### Given entries
==*==

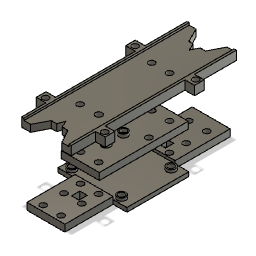
self balancing robot (Autodesk Fusion 360 design; units mm, degrees)
Autodesk Fusion 360 part; units mm, degrees
sketch "Sketch1" plane through (0, 0, 0) normal (0, 1, 0) x (1, 0, 0)
  circle A0 centre (-15, 25) radius 2.25
  circle A1 centre (-2, 25) radius 2.25
  circle A2 centre (-15, 40) radius 2.25
  circle A3 centre (-2, 40) radius 2.25
  line L0 (-11.7906, 20.4996) -> (-6.4075, 20.4996)
  line L1 (-6.4075, 20.4996) -> (-6.4075, 14.4996)
  line L2 (-6.4075, 14.4996) -> (-11.7906, 14.4996)
  line L3 (-11.7906, 14.4996) -> (-11.7906, 20.4996)
  circle A4 centre (-15, 12.9146) radius 2.25
  circle A5 centre (-2, 12.9014) radius 2.25
  circle A6 centre (7.0301, 5.1014) radius 2.25
  circle A7 centre (-28.9699, 5) radius 2.25
  circle A8 centre (-28.9697, -31) radius 2.25
  circle A9 centre (7.0301, -30.8986) radius 2.25
  circle A10 centre (-1.841, -50.8854) radius 2.25
  circle A11 centre (-14.841, -50.8854) radius 2.25
  line L4 (-10.4335, -49.7263) -> (-10.4335, -43.7263)
  circle A12 centre (-14.841, -38.8) radius 2.25
  circle A13 centre (-14.841, -65.8854) radius 2.25
  circle A14 centre (-1.841, -65.8854) radius 2.25
  circle A15 centre (-1.841, -38.6986) radius 2.25
  line L5 (-5.0503, -43.7263) -> (-5.0503, -49.7263)
  line L6 (-10.4335, -43.7263) -> (-5.0503, -43.7263)
  line L7 (-5.0503, -49.7263) -> (-10.4335, -49.7263)
  line L8 (-35, 50) -> (15, 50)
  line L9 (15, 50) -> (15, -70)
  line L10 (15, -70) -> (-35, -70)
  line L11 (-35, -70) -> (-35, 50)
  line L12 (5, 50) -> (5, 10)
  line L13 (5, 10) -> (15, 10)
  line L14 (-22.5777, 50) -> (-22.5777, 10)
  line L15 (-22.5777, 10) -> (-35, 10)
  line L16 (-22.5777, -70) -> (-22.5777, -35)
  line L17 (-22.5777, -35) -> (-35, -35)
  line L18 (5, -70) -> (5, -35)
  line L19 (5, -35) -> (15, -35)
  dimension "d1" = 4.5
  dimension "d2" = 4.5
  dimension "d3" = 4.5
  dimension "d4" = 4.5
  dimension "d5" = 15
  dimension "d6" = 13
  dimension "d7" = 13
  dimension "d9" = 6
  dimension "d10" = 4.5
  dimension "d11" = 4.5
  dimension "d15" = 4.5
  dimension "d16" = 4.5
  dimension "d17" = 4.5
  dimension "d18" = 4.5
  dimension "d19" = 36
  dimension "d20" = 36
  dimension "d21" = 36
  dimension "d22" = 36
  dimension "d23" = 4.5
  dimension "d24" = 4.5
  dimension "d25" = 4.5
  dimension "d26" = 4.5
  dimension "d27" = 15
  dimension "d28" = 13
  dimension "d29" = 13
  dimension "d30" = 6
  dimension "d31" = 4.5
  dimension "d32" = 4.5
  dimension "d33" = 7.8
  dimension "d34" = 7.8
  dimension "d35" = 13
  dimension "d36" = 13
  dimension "d37" = 12.0986
  dimension "d38" = 12.0854
  dimension "d39" = 7.9146
  dimension "d40" = 7.8
  dimension "d41" = 50
  dimension "d42" = 120
  dimension "d43" = 51.7146
  dimension "d44" = 51.6
  constraint horizontal L0
  constraint vertical L1
  constraint horizontal L2
  constraint vertical L3
  constraint horizontal L8
  constraint vertical L9
  constraint horizontal L10
  constraint vertical L11
  constraint coincident L8 L12.start
  constraint perpendicular L8 L12
  constraint coincident L9 L13.end
  constraint perpendicular L9 L13
  constraint coincident L8 L14.start
  constraint perpendicular L8 L14
  constraint coincident L11 L15.end
  constraint perpendicular L11 L15
  constraint coincident L10 L16.start
  constraint perpendicular L10 L16
  constraint coincident L11 L17.end
  constraint perpendicular L11 L17
  constraint perpendicular L13 L18
  constraint coincident L9 L19.end
  constraint perpendicular L9 L19
  measures "d1" diameter of A0
  measures "d2" diameter of A1
  measures "d3" diameter of A2
  measures "d4" diameter of A3
  measures "d5" distance of A0.centre A2.centre
  measures "d6" distance of A2.centre A3.centre
  measures "d7" distance of A0.centre A1.centre
  measures "d9" distance of L0.start L2.end
  measures "d10" diameter of A4
  measures "d11" diameter of A5
  measures "d15" diameter of A6
  measures "d16" diameter of A7
  measures "d17" diameter of A8
  measures "d18" diameter of A9
  measures "d19" horizontal distance of A6.centre A7.centre
  measures "d20" vertical distance of A7.centre A8.centre
  measures "d21" distance of A6.centre A9.centre
  measures "d22" distance of A8.centre A9.centre
  measures "d23" diameter of A10
  measures "d24" diameter of A11
  measures "d25" diameter of A14
  measures "d26" diameter of A13
  measures "d27" distance of A14.centre A10.centre
  measures "d28" distance of A14.centre A13.centre
  measures "d29" distance of A11.centre A10.centre
  measures "d30" distance of L5.end L5.start
  measures "d31" diameter of A15
  measures "d32" diameter of A12
  measures "d33" vertical distance of A5.centre A6.centre
  measures "d34" vertical distance of A9.centre A15.centre
  measures "d35" horizontal distance of A4.centre A5.centre
  measures "d36" horizontal distance of A15.centre A12.centre
  measures "d37" distance of A1.centre A5.centre
  measures "d38" distance of A12.centre A11.centre
  measures "d39" vertical distance of A4.centre A7.centre
  measures "d40" vertical distance of A8.centre A12.centre
  measures "d41" distance of L8.start L8.end
  measures "d42" distance of L8.start L10.end
  measures "d43" vertical distance of A4.centre A12.centre
  measures "d44" vertical distance of A5.centre A15.centre
extrude "Extrude1" add sketch "Sketch1" along normal blind 5 contours L8 L9 L10 L11 L12 L13 L14 L15 L16 L17 L18 L19 makes body 1
sketch "Sketch2" plane through (0, 5, 0) normal (0, 1, 0) x (-1, 0, 0)
  circle A0 centre (14.841, 65.8854) radius 2.25
  circle A1 centre (1.841, 38.6986) radius 2.25
  circle A2 centre (1.841, 65.8854) radius 2.25
  circle A3 centre (14.841, 38.8) radius 2.25
  line L0 (5.0503, 43.7263) -> (5.0503, 49.7263)
  line L1 (5.0503, 49.7263) -> (10.4335, 49.7263)
  line L2 (10.4335, 49.7263) -> (10.4335, 43.7263)
  line L3 (10.4335, 43.7263) -> (5.0503, 43.7263)
  circle A4 centre (-7.0301, -5.1014) radius 2.25
  circle A5 centre (28.9699, -5) radius 2.25
  circle A6 centre (28.9697, 31) radius 2.25
  circle A7 centre (-7.0301, 30.8986) radius 2.25
  circle A8 centre (1.841, 50.8854) radius 2.25
  circle A9 centre (14.841, 50.8854) radius 2.25
  circle A10 centre (2, -12.9014) radius 2.25
  circle A11 centre (15, -12.9146) radius 2.25
  circle A12 centre (2, -40) radius 2.25
  line L4 (6.4075, -14.4996) -> (11.7906, -14.4996)
  line L5 (11.7906, -14.4996) -> (11.7906, -20.4996)
  line L6 (11.7906, -20.4996) -> (6.4075, -20.4996)
  line L7 (6.4075, -20.4996) -> (6.4075, -14.4996)
  circle A13 centre (15, -40) radius 2.25
  circle A14 centre (2, -25) radius 2.25
  circle A15 centre (15, -25) radius 2.25
  line L8 (-5, 70) -> (-5, 35)
  line L9 (-5, 35) -> (-15, 35)
  line L10 (-15, 35) -> (-15, -10)
  line L11 (-15, -10) -> (-5, -10)
  line L12 (-5, -10) -> (-5, -50)
  line L13 (-5, -50) -> (22.5777, -50)
  line L14 (22.5777, -50) -> (22.5777, -10)
  line L15 (22.5777, -10) -> (35, -10)
  line L16 (35, -10) -> (35, 35)
  line L17 (35, 35) -> (22.5777, 35)
  line L18 (22.5777, 35) -> (22.5777, 70)
  line L19 (22.5777, 70) -> (-5, 70)
  line L20 (35, -10) -> (-15, -10)
  line L21 (-15, -10) -> (-15, 35)
  line L22 (-15, 35) -> (35, 35)
  line L23 (35, 35) -> (35, -10)
  circle A16 centre (28.9699, -5) radius 2.8072
  circle A17 centre (-7.0301, -5.1014) radius 3.2495
  circle A18 centre (-7.0301, 30.8986) radius 3.07
  circle A19 centre (28.9697, 31) radius 3.1528
  constraint horizontal L20
  constraint vertical L21
  constraint horizontal L22
  constraint vertical L23
  constraint coincident L9.end L10.start
  constraint coincident L15.end L16.start
  constraint concentric A5 A16
  constraint concentric A4 A17
  constraint concentric A7 A18
  constraint concentric A6 A19
extrude "Extrude2" cut sketch "Sketch2" against normal blind 2 contours L9 L10 L11 L15 L16 L17 L20 L21 L22 L23 bodies 1
sketch "Sketch3" plane through (0, 0, 0) normal (0, 0, 1) x (1, 0, 0)
sketch "Sketch4" plane through (0, 0, 0) normal (0, 1, 0) x (1, 0, 0)
  circle A0 centre (-15, 13) radius 2.25
  circle A1 centre (-2, 13) radius 2.25
  circle A2 centre (-14.819, -38.8151) radius 2.25
  circle A3 centre (-1.741, -38.7383) radius 2.25
  line L0 (-22.7552, 19.5423) -> (5, 19.5423)
  line L1 (5, 19.5423) -> (5, -45)
  line L2 (5, -45) -> (-22.7552, -45)
  line L3 (-22.7552, -45) -> (-22.7552, 19.5423)
  dimension "d49" = 4.5
  dimension "d50" = 4.5
  dimension "d51" = 4.5
  dimension "d52" = 4.5
  constraint horizontal L0
  constraint vertical L1
  constraint horizontal L2
  constraint vertical L3
  measures "d49" diameter of A0
  measures "d50" diameter of A1
  measures "d51" diameter of A2
  measures "d52" diameter of A3
extrude "Extrude3" add sketch "Sketch4" along normal blind 5 separate body makes body 2
move_body "Move1" bodies 2 to x (1, 0, 0) y (0, 1, 0) z (0, 0, 1) at (0, 20, 0)
sketch "Sketch5" plane through (0, 25, 0) normal (0, 1, 0) x (-1, 0, 0)
  circle A0 centre (14.819, 38.8151) radius 2.25
  circle A1 centre (1.741, 38.7383) radius 2.25
  circle A2 centre (2, -13) radius 2.25
  circle A3 centre (15, -13) radius 2.25
  line L0 (22.7552, 45) -> (-5, 45)
  line L1 (-5, 45) -> (-5, -19.5423)
  line L2 (-5, -19.5423) -> (22.7552, -19.5423)
  line L3 (22.7552, -19.5423) -> (22.7552, 45)
  circle A4 centre (10, 25) radius 2.25
  circle A5 centre (10, 12.5) radius 2.25
  circle A6 centre (10, 12.5) radius 3
  circle A7 centre (10, 25) radius 3
  circle A8 centre (-1, 5) radius 2.25
  dimension "d55" = 4.5
  dimension "d56" = 4.5
  dimension "d57" = 12.5
  dimension "d58" = 6
  dimension "d59" = 6
  dimension "d60" = 4.5
  constraint concentric A5 A6
  constraint concentric A4 A7
  measures "d55" diameter of A4
  measures "d56" diameter of A5
  measures "d57" distance of A4.centre A5.centre
  measures "d58" diameter of A6
  measures "d59" diameter of A7
  measures "d60" diameter of A8
extrude "Extrude4" add sketch "Sketch5" along normal blind 2.5 contours A6 | A7 bodies 2
extrude "Extrude5" cut sketch "Sketch5" against normal blind 5 contours A8 bodies 2
extrude "Extrude6" add sketch "Sketch5" against normal blind 5 contours A8 bodies 2
extrude "Extrude7" cut sketch "Sketch5" against normal blind 7 contours A8 bodies 2
sketch "Sketch6" plane through (0, 0, 0) normal (0, 1, 0) x (1, 0, 0)
  line L0 (-26.7355, 50.3207) -> (9.2645, 50.3207)
  line L1 (9.2645, 50.3207) -> (9.2645, -69.6793)
  line L2 (9.2645, -69.6793) -> (-26.7355, -69.6793)
  line L3 (-26.7355, -69.6793) -> (-26.7355, 50.3207)
  circle A0 centre (-14.9855, 13.0272) radius 2.25
  circle A1 centre (-2.0435, 13.0272) radius 2.25
  circle A2 centre (-15, -39) radius 2.25
  circle A3 centre (-1.6771, -38.6684) radius 2.4279
  line L4 (9.2645, 19.8475) -> (16.2645, 19.8475)
  line L5 (16.2645, 19.8475) -> (16.2645, 12.8475)
  line L6 (16.2645, 12.8475) -> (9.2645, 12.8475)
  line L7 (9.2645, 12.8475) -> (9.2645, 19.8475)
  line L8 (9.2645, -45.0475) -> (16.2645, -45.0475)
  line L9 (16.2645, -45.0475) -> (16.2645, -52.0475)
  line L10 (16.2645, -52.0475) -> (9.2645, -52.0475)
  line L11 (9.2645, -52.0475) -> (9.2645, -45.0475)
  line L12 (-26.7355, 19.8475) -> (-33.7355, 19.8475)
  line L13 (-33.7355, 19.8475) -> (-33.7355, 12.8475)
  line L14 (-33.7355, 12.8475) -> (-26.7355, 12.8475)
  line L15 (-26.7355, 12.8475) -> (-26.7355, 19.8475)
  line L16 (-26.7355, -45.0475) -> (-33.7355, -45.0475)
  line L17 (-33.7355, -45.0475) -> (-33.7355, -52.0475)
  line L18 (-33.7355, -52.0475) -> (-26.7355, -52.0475)
  line L19 (-26.7355, -52.0475) -> (-26.7355, -45.0475)
  circle A4 centre (-30, 16) radius 2.25
  circle A5 centre (13, 17) radius 2.25
  circle A6 centre (13, -49) radius 2.25
  circle A7 centre (-30, -49) radius 2.25
  line L20 (-20.1067, 50.3207) -> (-15, 40)
  line L21 (-15, 40) -> (-11.9429, 40)
  line L22 (-11.9429, 40) -> (-9.3767, 34.8138)
  line L23 (-9.3767, 34.8138) -> (-6.6947, 40)
  line L24 (-6.6947, 40) -> (-2.9044, 40)
  line L25 (-2.9044, 40) -> (2.4328, 50.3207)
  line L26 (-20.284, -69.6793) -> (-15.1632, -59.7773)
  line L27 (-15.1632, -59.7773) -> (-15.2822, -59.7773)
  line L28 (-9.3767, 34.8138) -> (-9.3767, -54.8804) construction
  line L29 (2.4328, 50.3207) -> (2.4328, -69.6793) construction
  line L30 (-2.9044, 40) -> (-2.9044, -60) construction
  line L31 (-15, 40) -> (-15.2227, -59.7773) construction
  line L32 (-15.2822, -59.7773) -> (-11.2248, -59.7773)
  line L33 (-11.2248, -59.7773) -> (-9.3767, -54.8804)
  line L34 (-9.3767, -54.8804) -> (-7.1721, -59.7773)
  line L35 (-7.1721, -59.7773) -> (-2.9044, -60)
  line L36 (-2.9044, -60) -> (2.4328, -69.6793)
  dimension "d69" = 36
  dimension "d70" = 120
  dimension "d71" = 4.5
  dimension "d72" = 4.5
  dimension "d73" = 4.5
  dimension "d74" = 7
  dimension "d75" = 7
  dimension "d76" = 7
  dimension "d77" = 7
  dimension "d78" = 7
  dimension "d79" = 7
  dimension "d80" = 7
  dimension "d81" = 7
  dimension "d82" = 4.5
  dimension "d83" = 4.5
  dimension "d84" = 4.5
  dimension "d85" = 4.5
  constraint horizontal L0
  constraint vertical L1
  constraint horizontal L2
  constraint vertical L3
  constraint horizontal L4
  constraint vertical L5
  constraint horizontal L6
  constraint vertical L7
  constraint coincident L1 L4.start
  constraint horizontal L8
  constraint vertical L9
  constraint horizontal L10
  constraint vertical L11
  constraint coincident L1 L8.start
  constraint horizontal L12
  constraint vertical L13
  constraint horizontal L14
  constraint vertical L15
  constraint coincident L3 L12.start
  constraint horizontal L16
  constraint vertical L17
  constraint horizontal L18
  constraint vertical L19
  constraint coincident L3 L16.start
  constraint coincident L0 L20.start
  constraint parallel L0 L21
  constraint parallel L20 L22
  constraint parallel L21 L24
  constraint coincident L0 L25.end
  constraint parallel L23 L25
  constraint coincident L2 L26.start
  constraint parallel L25 L26
  constraint parallel L2 L27
  constraint vertical L28
  constraint coincident L2 L29.end
  constraint perpendicular L2 L29
  constraint perpendicular L24 L30
  constraint midpoint L27 L31.end
  measures "d69" distance of L0.start L0.end
  measures "d70" distance of L0.start L2.end
  measures "d71" diameter of A0
  measures "d72" diameter of A1
  measures "d73" diameter of A2
  measures "d74" distance of L4.start L4.end
  measures "d75" distance of L4.start L6.end
  measures "d76" distance of L8.start L8.end
  measures "d77" distance of L8.start L10.end
  measures "d78" distance of L12.start L12.end
  measures "d79" distance of L12.start L14.end
  measures "d80" distance of L16.start L16.end
  measures "d81" distance of L16.start L18.end
  measures "d82" diameter of A4
  measures "d83" diameter of A5
  measures "d84" diameter of A6
  measures "d85" diameter of A7
extrude "Extrude8" add sketch "Sketch6" along normal blind 5 separate body contours L0 L1 L2 L3 L7 L11 L15 L19 L20 L21 L22 L23 L24 L25 L26 L32 L33 L34 L35 L36 | L3 L12 L13 L14 L15 | L3 L16 L17 L18 L19 | L1 L4 L5 L6 L7 | L1 L8 L9 L10 L11 makes body 3
sketch "Sketch7" plane through (0, 5, 0) normal (0, 1, 0) x (-1, 0, 0)
  circle A0 centre (30, 49) radius 2.25
  circle A1 centre (-13, -17) radius 2.25
  circle A2 centre (15, 39) radius 2.25
  circle A3 centre (-13, 49) radius 2.25
  circle A4 centre (1.6771, 38.6684) radius 2.4279
  circle A5 centre (30, -16) radius 2.25
  circle A6 centre (2.0435, -13.0272) radius 2.25
  circle A7 centre (14.9855, -13.0272) radius 2.25
  line L0 (20.284, 69.6793) -> (15.1632, 59.7773)
  line L1 (15.1632, 59.7773) -> (11.2248, 59.7773)
  line L2 (11.2248, 59.7773) -> (9.3767, 54.8804)
  line L3 (9.3767, 54.8804) -> (7.1721, 59.7773)
  line L4 (7.1721, 59.7773) -> (2.9044, 60)
  line L5 (2.9044, 60) -> (-2.4328, 69.6793)
  line L6 (-2.4328, 69.6793) -> (-9.2645, 69.6793)
  line L7 (-9.2645, 69.6793) -> (-9.2645, 52.0475)
  line L8 (-9.2645, 52.0475) -> (-16.2645, 52.0475)
  line L9 (-16.2645, 52.0475) -> (-16.2645, 45.0475)
  line L10 (-16.2645, 45.0475) -> (-9.2645, 45.0475)
  line L11 (-9.2645, 45.0475) -> (-9.2645, -12.8475)
  line L12 (-9.2645, -12.8475) -> (-16.2645, -12.8475)
  line L13 (-16.2645, -12.8475) -> (-16.2645, -19.8475)
  line L14 (-16.2645, -19.8475) -> (-9.2645, -19.8475)
  line L15 (-9.2645, -19.8475) -> (-9.2645, -50.3207)
  line L16 (-9.2645, -50.3207) -> (-2.4328, -50.3207)
  line L17 (-2.4328, -50.3207) -> (2.9044, -40)
  line L18 (2.9044, -40) -> (6.6947, -40)
  line L19 (6.6947, -40) -> (9.3767, -34.8138)
  line L20 (9.3767, -34.8138) -> (11.9429, -40)
  line L21 (11.9429, -40) -> (15, -40)
  line L22 (15, -40) -> (20.1067, -50.3207)
  line L23 (20.1067, -50.3207) -> (26.7355, -50.3207)
  line L24 (26.7355, -50.3207) -> (26.7355, -19.8475)
  line L25 (26.7355, -19.8475) -> (33.7355, -19.8475)
  line L26 (33.7355, -19.8475) -> (33.7355, -12.8475)
  line L27 (33.7355, -12.8475) -> (26.7355, -12.8475)
  line L28 (26.7355, -12.8475) -> (26.7355, 45.0475)
  line L29 (26.7355, 45.0475) -> (33.7355, 45.0475)
  line L30 (33.7355, 45.0475) -> (33.7355, 52.0475)
  line L31 (33.7355, 52.0475) -> (26.7355, 52.0475)
  line L32 (26.7355, 52.0475) -> (26.7355, 69.6793)
  line L33 (26.7355, 69.6793) -> (20.284, 69.6793)
  line L34 (-7.5721, -50.3207) -> (-7.5721, 69.6793)
  line L35 (25.1065, -50.3207) -> (25.1065, 69.6793)
  constraint coincident L16 L34.start
  constraint coincident L6 L34.end
  constraint perpendicular L6 L34
  constraint coincident L23 L35.start
  constraint coincident L33 L35.end
  constraint perpendicular L33 L35
extrude "Extrude9" add sketch "Sketch7" along normal blind 1.5 contours L23 L24 L25 L26 L27 L28 L29 L30 L31 L32 L33 L35 | L6 L7 L8 L9 L10 L11 L12 L13 L14 L15 L16 L34 bodies 3
move_body "Move2" bodies 3 to x (1, 0, 0) y (0, 1, 0) z (0, 0, 1) at (0, 50, 0)

==*==

### To do
Pictures excluded, repeat the records exactly from their opening line through the line containing "line L0 (-11.7906, 20.4996)".

### Task answer
self balancing robot (Autodesk Fusion 360 design; units mm, degrees)
Autodesk Fusion 360 part; units mm, degrees
sketch "Sketch1" plane through (0, 0, 0) normal (0, 1, 0) x (1, 0, 0)
  circle A0 centre (-15, 25) radius 2.25
  circle A1 centre (-2, 25) radius 2.25
  circle A2 centre (-15, 40) radius 2.25
  circle A3 centre (-2, 40) radius 2.25
  line L0 (-11.7906, 20.4996) -> (-6.4075, 20.4996)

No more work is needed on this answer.